What is expected: For the listing below, return the line containing "46.5h2.5l-1.2 1.3zM194.9 46.5h2.6l-1.3", the line containing "53.1h3.8M175.9 64.3v2.5M175.9 71.8v2.6M183.5", and all lines in between, exactly as written and nothing else.

Exercise material:
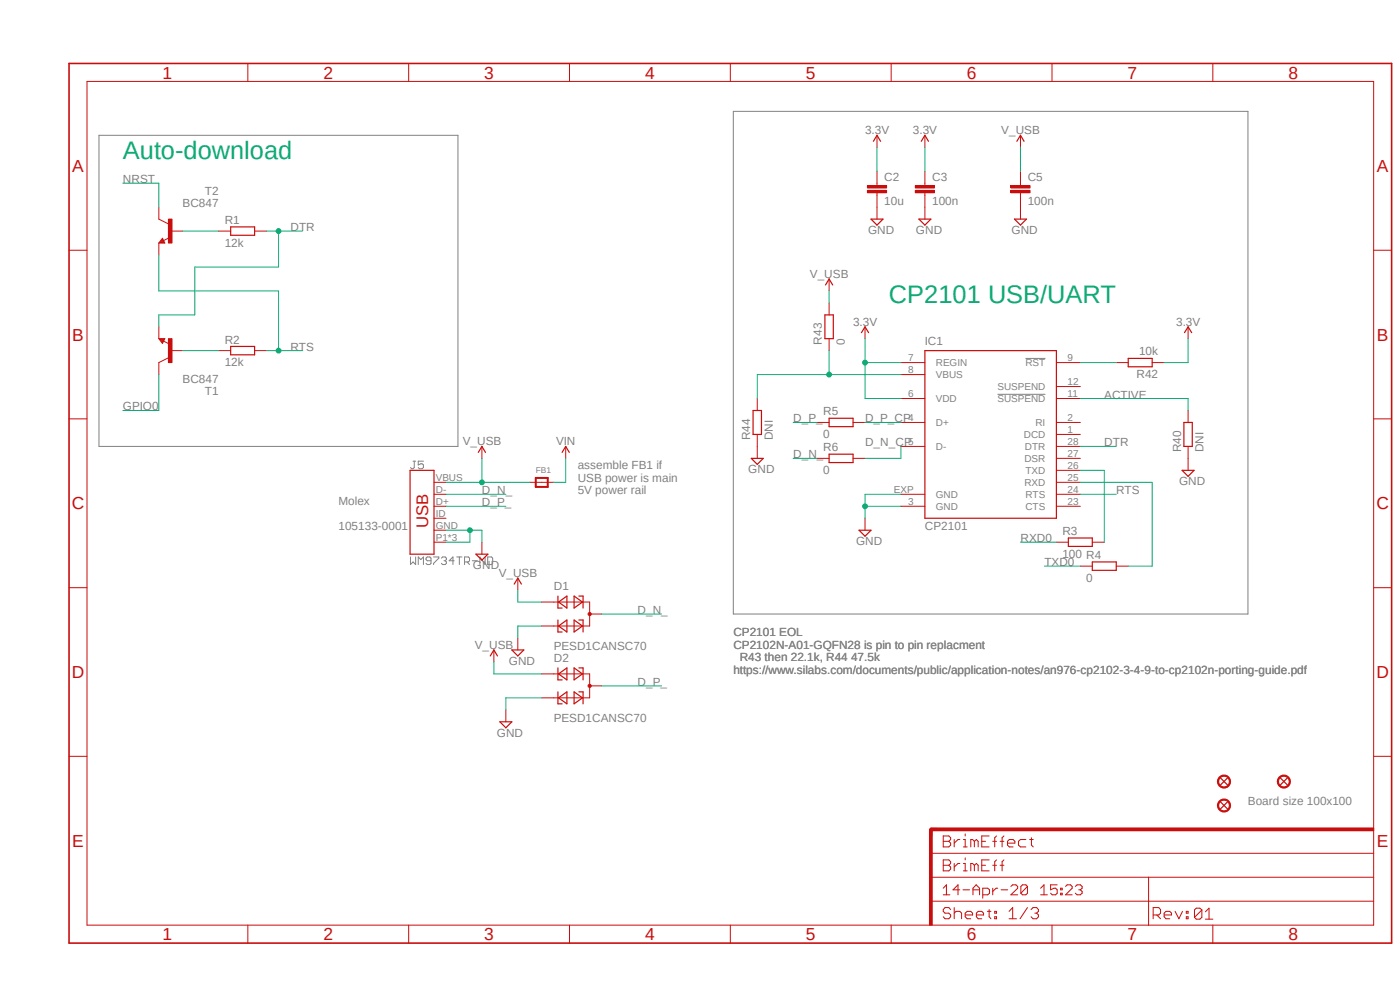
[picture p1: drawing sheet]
<svg xmlns="http://www.w3.org/2000/svg" width="297mm" height="210mm" viewBox="0 0 297 210" stroke-linecap="round" stroke-linejoin="round" font-family="sans-serif">
<path d="M14.3 13.2l281.2 187.2M295.5 13.2l-281.2 187.2" fill="none" stroke="#fff" stroke-width=".21"/>
<g fill="none" stroke="#808080" stroke-width=".21">
<path d="M21 28.7h76.2v66h-76.2zM155.6 23.6h109.2v106.7h-109.2zM217.6 76h4.2M87.6 97.8h.6M87.9 97.8v1.4l-.3 .2h-.2l-.3-.2M89.8 97.8h-1.1v.8l.6-.2h.2l.3 .2v.6l-.3 .2h-.5l-.3-.2M211.6 83.7h10.2M87.1 118.2v1.6l.5-.6 .6 .6v-1.6M88.7 119.8v-1.6l.6 .5 .5-.5v1.6M91.4 119h-.8l-.2-.3v-.3l.2-.2h.6l.2 .2v1.1l-.2 .3h-.6l-.2-.3M92 118.2h1.1v.2l-1.1 1.1v.3M93.6 118.4l.3-.2h.5l.3 .2v.3l-.3 .3"/>
<path d="M94.2 119h.2M94.4 119l.3 .2v.3l-.3 .3h-.5l-.3-.3M96.4 119h-1.1l.8-.8v1.6M96.9 118.2h1.1M97.5 118.2v1.6M98.6 119.2h.8l.2-.2v-.6l-.2-.2h-.8v1.6M99.1 119.2l.5 .6M100.2 119h1.1M102.9 118.2v1.6l-1.1-1.6v1.6M103.5 118.2h.8l.2 .2v1.1l-.2 .3h-.8z"/>
</g>
<path d="M34.7 72h-.7l.5 .6 .2-.5h-.4l.2 .2M196.2 74.4h27.9v35.5h-27.9z" fill="none" stroke="#c90d0c" stroke-width=".25"/>
<g fill="none" stroke="#c90d0c" stroke-width=".21">
<path d="M33.7 71.8h1.3l-.5 1.1zM34.7 72.3l1.2 .7M35.7 75.9l-2 1M191.1 76.9h5.1M191.1 79.5h5.1M224.1 76.9h5.1M191.1 84.5h5.1M191.1 89.6h5.1M191.1 94.7h5.1M224.1 84.5h5.1M224.1 89.6h5.1M224.1 94.7h5.1"/>
<path d="M224.1 82h5.1M224.1 92.2h5.1M224.1 97.2h5.1M224.1 99.8h5.1M191.1 107.4h5.1M191.1 104.9h5.1M224.1 107.4h5.1M224.1 102.3h5.1M224.1 104.9h5.1"/>
</g>
<path d="M35.7 71.8h.8v5.1h-.8z" fill-rule="evenodd" fill="#c90d0c"/>
<path d="M33.7 46.5l2 1M34.5 50.5l.5 1.1h-1.3zM35.9 50.4l-1.2 .7M33.7 69.3v2.5M33.7 76.9v2.6M35.7 71.8h.8v5.1h-.8zM36.2 74.4h2.6" fill="none" stroke="#c90d0c" stroke-width=".21"/>
<path d="M34.5 51.1l-.2 .2h.4l-.2-.5-.5 .6h.7" fill="none" stroke="#c90d0c" stroke-width=".25"/>
<path d="M35.7 46.5h.8v5.1h-.8z" fill-rule="evenodd" fill="#c90d0c"/>
<g fill="none" stroke="#c90d0c" stroke-width=".21">
<path d="M186.1 38.9v.5M33.7 43.9v2.6M33.7 51.6v2.5M35.7 46.5h.8v5.1h-.8zM36.2 49h2.6M46.4 49h2.5M54 49h2.6M186.1 40.9v.5M46.4 74.4h2.5M54 74.4h2.6M173.4 89.6h2.5M173.4 97.2h2.5"/>
<path d="M181 89.6h2.5M181 97.2h2.5M183.5 109.9v2.6M224.1 115h2.6M231.7 115h2.6M229.2 120.1h2.5M236.8 120.1h2.6"/>
</g>
<path d="M48.9 48.1h5.1v1.8h-5.1zM48.9 73.5h5.1v1.8h-5.1zM175.9 88.7h5.1v1.8h-5.1zM175.9 96.4h5.1v1.7h-5.1zM182.2 112.5h2.6l-1.3 1.2zM226.7 114.1h5v1.8h-5zM231.7 119.2h5.1v1.8h-5.1z" fill="none" stroke="#c90d0c" stroke-width=".25"/>
<path d="M184 40.4h4.1v.5h-4.1z" fill-rule="evenodd" fill="#c90d0c"/>
<path d="M184 40.4h4.1v.5h-4.1z" fill="none" stroke="#c90d0c" stroke-width=".21"/>
<path d="M184 39.4h4.1v.5h-4.1z" fill-rule="evenodd" fill="#c90d0c"/>
<path d="M184 39.4h4.1v.5h-4.1zM186.1 36.3v2.6M196.2 38.9v.5M186.1 41.4v2.5M196.2 40.9v.5" fill="none" stroke="#c90d0c" stroke-width=".21"/>
<path d="M194.2 40.4h4v.5h-4z" fill-rule="evenodd" fill="#c90d0c"/>
<path d="M194.2 40.4h4v.5h-4z" fill="none" stroke="#c90d0c" stroke-width=".21"/>
<path d="M194.2 39.4h4v.5h-4z" fill-rule="evenodd" fill="#c90d0c"/>
<path d="M194.2 39.4h4v.5h-4zM196.2 36.3v2.6M216.5 38.9v.5M196.2 41.4v2.5M216.5 40.9v.5" fill="none" stroke="#c90d0c" stroke-width=".21"/>
<path d="M214.5 40.4h4v.5h-4z" fill-rule="evenodd" fill="#c90d0c"/>
<path d="M214.5 40.4h4v.5h-4z" fill="none" stroke="#c90d0c" stroke-width=".21"/>
<path d="M214.5 39.4h4v.5h-4z" fill-rule="evenodd" fill="#c90d0c"/>
<path d="M214.5 39.4h4v.5h-4zM216.5 36.3v2.6M186.1 43.9v2.6M196.2 43.9v2.6M216.5 41.4v5.1" fill="none" stroke="#c90d0c" stroke-width=".21"/>
<path d="M184.8 46.5h2.5l-1.2 1.3zM194.9 46.5h2.6l-1.3 1.3zM215.2 46.5h2.6l-1.3 1.3z" fill="none" stroke="#c90d0c" stroke-width=".25"/>
<path d="M197.2 175.9h.6v20.4h-.6z" fill-rule="evenodd" fill="#c90d0c"/>
<path d="M197.2 175.9h.6v20.4h-.6z" fill="none" stroke="#c90d0c" stroke-width=".21"/>
<path d="M197.4 175.6h94v.6h-94z" fill-rule="evenodd" fill="#c90d0c"/>
<g fill="none" stroke="#c90d0c" stroke-width=".21">
<path d="M18.5 17.3h272.9v179h-272.9zM52.6 13.5v3.8M86.7 13.5v3.8M120.8 13.5v3.8M154.9 13.5v3.8M189.1 13.5v3.8M223.2 13.5v3.8M257.3 13.5v3.8M186.1 28.7v2.5M196.2 28.7v2.5M14.6 53.1h3.9M175.9 59.2v2.5"/>
<path d="M291.4 53.1h3.8M175.9 64.3v2.5M175.9 71.8v2.6M183.5 69.3v2.5M236.8 76.9h2.6M244.4 76.9h2.6M252.1 69.3v2.5M14.6 88.9h3.9M160.7 84.5v2.6M160.7 92.2v5M252.1 87.1v2.5M252.1 94.7v5.1"/>
<path d="M291.4 88.9h3.8M14.6 124.7h3.9M114.9 127.7h10.2v5.1h-10.2M125.1 130.3h2.5M291.4 124.7h3.8M14.6 160.4h3.9M197.4 175.6h94v.6h-94zM200.1 177.3h1.2l.4 .4v.4l-.4 .4 .4 .4v.4l-.4 .4h-1.2zM200.1 178.5h1.2M202.4 178.1v1.6M203.6 178.1h-.4l-.8 .8M204.4 178.1h.4v1.6"/>
<path d="M204.4 179.7h.8M204.8 176.9v.4M206.7 178.5l-.4-.4h-.3v1.6M206.7 178.5v1.2M206.7 178.5l.4-.4 .4 .4v1.2M208.3 178.5h.8M209.8 177.3h-1.5v2.4h1.5M210.6 178.5h.8M211.4 177.3l-.4 .4v2M212.2 178.5h.8M213 177.3l-.4 .4v2M213.7 178.9h1.6v-.4l-.4-.4h-.8l-.4 .4v.8l.4 .4h.8"/>
<path d="M217.6 178.1h-1.1l-.4 .4v.8l.4 .4h1.1M218.4 178.1h.8M218.8 177.7v1.6l.4 .4M291.4 160.4h3.8M52.6 196.3v3.8M86.7 196.3v3.8M120.8 196.3v3.8M154.9 196.3v3.8M189.1 196.3v3.8M197.5 191.2h93.9M197.5 186.1h93.9M197.5 181h93.9"/>
<path d="M200.1 182.4h1.2l.4 .4v.4l-.4 .4 .4 .3v.5l-.4 .3h-1.2zM200.1 183.6h1.2M200.1 188.4l.7-.7v2.1M200.1 189.8h1.4M201.7 193l-.4-.5h-.8l-.4 .5v.3l.4 .4h.8l.4 .4v.4l-.4 .4h-.8l-.4-.4M202.4 183.2v1.5M202.4 192.5v2.4M202.4 193.7l.4-.4h.8l.4 .4v1.2M203.6 183.2h-.4l-.8 .7M203.6 188.8h-1.4l1-1.1v2.1M204.3 188.8h1.4M204.4 183.2h.4v1.5"/>
<path d="M204.4 184.7h.8M204.8 194.1h1.5v-.4l-.3-.4h-.8l-.4 .4v.8l.4 .4h.8M204.8 182v.4M206.4 188.8h1.4M206.4 189.8v-1.4l.7-.7 .7 .7v1.4M206.7 183.6l-.4-.4h-.3v1.5M206.7 183.6v1.1M206.7 183.6l.4-.4 .4 .4v1.1M207.1 194.1h1.6v-.4l-.4-.4h-.8l-.4 .4v.8l.4 .4h.8M208.3 183.6h.8M208.5 189.8h1l.4-.3v-.7l-.4-.4h-1v2.1M209.5 193.3h.7"/>
<path d="M209.8 193v1.5l.4 .4M209.8 182.4h-1.5v2.3h1.5M210.6 183.6h.8M210.6 188.4v1.4M211 193.3h.4v.4h-.4zM211 194.5h.4v.4h-.4zM211.4 182.4l-.4 .4v1.9M211.7 188.4h-.4l-.7 .7M212.2 183.6h.8M212.4 188.8h1.4M213 182.4l-.4 .4v1.9M214.1 194.9h1.5"/>
<path d="M214.1 193.3l.7-.8v2.4M214.5 188l.3-.3h.7l.4 .3v.4l-1.4 1.4h1.4M218 188v1.5l-.4 .3h-.7l-.3-.3M218 188l-.4-.3h-.7l-.3 .3v1.5M218 188l-1.4 1.5M218 192.5l-1.6 2.4M218.7 193l.5-.5h.7l.4 .5v.3l-.4 .4M219.5 193.7h.4M219.9 193.7l.4 .4v.4l-.4 .4h-.7l-.5-.4M220.8 189.8h1.4M220.8 188.4l.7-.7v2.1M223.2 196.3v3.8"/>
<path d="M224.3 187.7h-1.4v1.1l1-.4 .4 .4v.7l-.4 .3h-.7l-.3-.3M225 189.5h.3v.3h-.3zM225 188.4h.3v.4h-.3zM226.1 188l.3-.3h.7l.4 .3v.4l-1.4 1.4h1.4M228.1 188l.4-.3h.7l.4 .3v.4l-.4 .4M228.9 188.8h.3M229.2 188.8l.4 .3v.4l-.4 .3h-.7l-.4-.3M243.7 186.1v10.2M244.6 194.1h1.2l.4-.4v-.7l-.4-.5h-1.2v2.4M245.4 194.1l.8 .8M247 194.1h1.5v-.4l-.3-.4h-.8l-.4 .4v.8l.4 .4h.8M249.3 193.3l.8 1.6 .8-1.6"/>
<path d="M251.7 193.3h.4v.4h-.4zM251.7 194.5h.4v.4h-.4zM255 193l-.4-.3h-.8l-.4 .3v1.6M255 193v1.6l-.4 .4h-.8l-.4-.4M255 193l-1.6 1.6M255.7 195h1.6M255.7 193.4l.8-.7v2.3M257.3 196.3v3.8"/>
</g>
<path d="M198.8 175.9h-1.3v1.3" fill="none" stroke="#c90d0c" stroke-width=".64"/>
<path d="M14.6 13.5h280.6v186.6h-280.6z" fill="none" stroke="#c90d0c" stroke-width=".34"/>
<g fill="none" stroke="#c90d0c" stroke-width=".25">
<path d="M185.3 30l.8-1.3 .7 1.3M195.5 30l.7-1.3 .8 1.3M175 66.8h1.8v5h-1.8zM175.1 60.5l.8-1.3 .8 1.3M182.8 70.6l.7-1.3 .8 1.3M239.4 76h5v1.8h-5zM251.3 70.6l.8-1.3 .7 1.3M159.4 97.2h2.5l-1.2 1.3zM159.8 87.1h1.7v5.1h-1.7zM250.8 99.8h2.5l-1.2 1.2zM251.2 89.6h1.7v5.1h-1.7zM118.4 126.4v2.6h.9"/>
<path d="M118.4 131.5v2.6h.9M118.5 132.8l1.8-1.3v2.6zM118.5 127.7l1.8-1.3v2.6zM121.8 126.4l1.8 1.3-1.8 1.3zM121.8 131.5l1.8 1.3-1.8 1.3zM122.8 126.4h.9v2.6M122.8 131.5h.9v2.6"/>
</g>
<circle cx="125.1" cy="130.3" r=".33" fill="#c90d0c"/>
<g fill="none" stroke="#c90d0c" stroke-width=".21">
<path d="M114.9 143h10.2v5h-10.2M125.1 145.5h2.5"/>
<circle cx="125.1" cy="130.3" r=".33"/>
</g>
<path d="M118.4 141.7v2.5h.9M118.4 146.8v2.5h.9M118.5 148l1.8-1.2v2.5zM118.5 143l1.8-1.3v2.5zM121.8 141.7l1.8 1.3-1.8 1.2zM121.8 146.8l1.8 1.2-1.8 1.3zM122.8 141.7h.9v2.5M122.8 146.8h.9v2.5" fill="none" stroke="#c90d0c" stroke-width=".25"/>
<circle cx="125.1" cy="145.5" r=".33" fill="#c90d0c"/>
<g fill="none" stroke="#c90d0c" stroke-width=".21">
<path d="M216.5 28.7v2.5M102.2 94.7v2.5M92.1 107.4h2.5M92.1 104.9h2.5M92.1 102.3h2.5M92.1 112.5h2.5M92.1 109.9h2.5M92.1 115h2.5M102.2 115v2.6M104.8 137.9v2.5M109.9 122.6v2.6M109.9 135.3v2.6"/>
<path d="M107.3 150.6v2.5"/>
<circle cx="125.1" cy="145.5" r=".33"/>
</g>
<path d="M215.7 30l.8-1.3 .8 1.3M87 99.8h5.1v17.8h-5.1zM101.5 96l.7-1.3 .8 1.3M101 117.6h2.5l-1.3 1.2zM104 139.1l.8-1.2 .7 1.2M108.6 137.9h2.5l-1.2 1.2zM109.1 123.9l.8-1.3 .7 1.3M106 153.1h2.6l-1.3 1.3zM271.6 165l1.5 1.5M273.1 165l-1.5 1.5" fill="none" stroke="#c90d0c" stroke-width=".25"/>
<path d="M271.3 164.9a1.4 1.4 0 0 1 2.3 .1 1.4 1.4 0 0 1-.8 2.1 1.4 1.4 0 0 1-1.8-1.3h.2a1.13 1.13 0 0 1 1.6-1.1 1.13 1.13 0 0 1 .4 1.9 1.13 1.13 0 0 1-1.9-.4l-.1-.4h-.2z" fill-rule="evenodd" fill="#c90d0c"/>
<path d="M271.3 164.9a1.4 1.4 0 0 1 2.3 .1 1.4 1.4 0 0 1-.8 2.1 1.4 1.4 0 0 1-1.8-1.3h.2a1.13 1.13 0 0 1 1.6-1.1 1.13 1.13 0 0 1 .4 1.9 1.13 1.13 0 0 1-1.9-.4l-.1-.4h-.2z" fill="none" stroke="#c90d0c" stroke-width=".21"/>
<path d="M258.9 170.1l1.5 1.5M260.4 170.1l-1.5 1.5" fill="none" stroke="#c90d0c" stroke-width=".25"/>
<path d="M258.6 170a1.4 1.4 0 0 1 2.3 .1 1.4 1.4 0 0 1-.8 2.1 1.4 1.4 0 0 1-1.8-1.3h.2a1.13 1.13 0 0 1 1.6-1.1 1.13 1.13 0 0 1 .4 1.9 1.13 1.13 0 0 1-1.9-.4l-.1-.4h-.2z" fill-rule="evenodd" fill="#c90d0c"/>
<path d="M258.6 170a1.4 1.4 0 0 1 2.3 .1 1.4 1.4 0 0 1-.8 2.1 1.4 1.4 0 0 1-1.8-1.3h.2a1.13 1.13 0 0 1 1.6-1.1 1.13 1.13 0 0 1 .4 1.9 1.13 1.13 0 0 1-1.9-.4l-.1-.4h-.2z" fill="none" stroke="#c90d0c" stroke-width=".21"/>
<path d="M258.9 165l1.5 1.5M260.4 165l-1.5 1.5" fill="none" stroke="#c90d0c" stroke-width=".25"/>
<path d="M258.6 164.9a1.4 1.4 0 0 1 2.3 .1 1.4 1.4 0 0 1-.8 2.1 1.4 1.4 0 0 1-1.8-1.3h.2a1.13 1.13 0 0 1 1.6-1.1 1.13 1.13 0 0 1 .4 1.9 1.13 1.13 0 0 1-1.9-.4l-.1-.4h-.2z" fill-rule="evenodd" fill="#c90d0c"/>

Finished exercise:
<path d="M184.8 46.5h2.5l-1.2 1.3zM194.9 46.5h2.6l-1.3 1.3zM215.2 46.5h2.6l-1.3 1.3z" fill="none" stroke="#c90d0c" stroke-width=".25"/>
<path d="M197.2 175.9h.6v20.4h-.6z" fill-rule="evenodd" fill="#c90d0c"/>
<path d="M197.2 175.9h.6v20.4h-.6z" fill="none" stroke="#c90d0c" stroke-width=".21"/>
<path d="M197.4 175.6h94v.6h-94z" fill-rule="evenodd" fill="#c90d0c"/>
<g fill="none" stroke="#c90d0c" stroke-width=".21">
<path d="M18.5 17.3h272.9v179h-272.9zM52.6 13.5v3.8M86.7 13.5v3.8M120.8 13.5v3.8M154.9 13.5v3.8M189.1 13.5v3.8M223.2 13.5v3.8M257.3 13.5v3.8M186.1 28.7v2.5M196.2 28.7v2.5M14.6 53.1h3.9M175.9 59.2v2.5"/>
<path d="M291.4 53.1h3.8M175.9 64.3v2.5M175.9 71.8v2.6M183.5 69.3v2.5M236.8 76.9h2.6M244.4 76.9h2.6M252.1 69.3v2.5M14.6 88.9h3.9M160.7 84.5v2.6M160.7 92.2v5M252.1 87.1v2.5M252.1 94.7v5.1"/>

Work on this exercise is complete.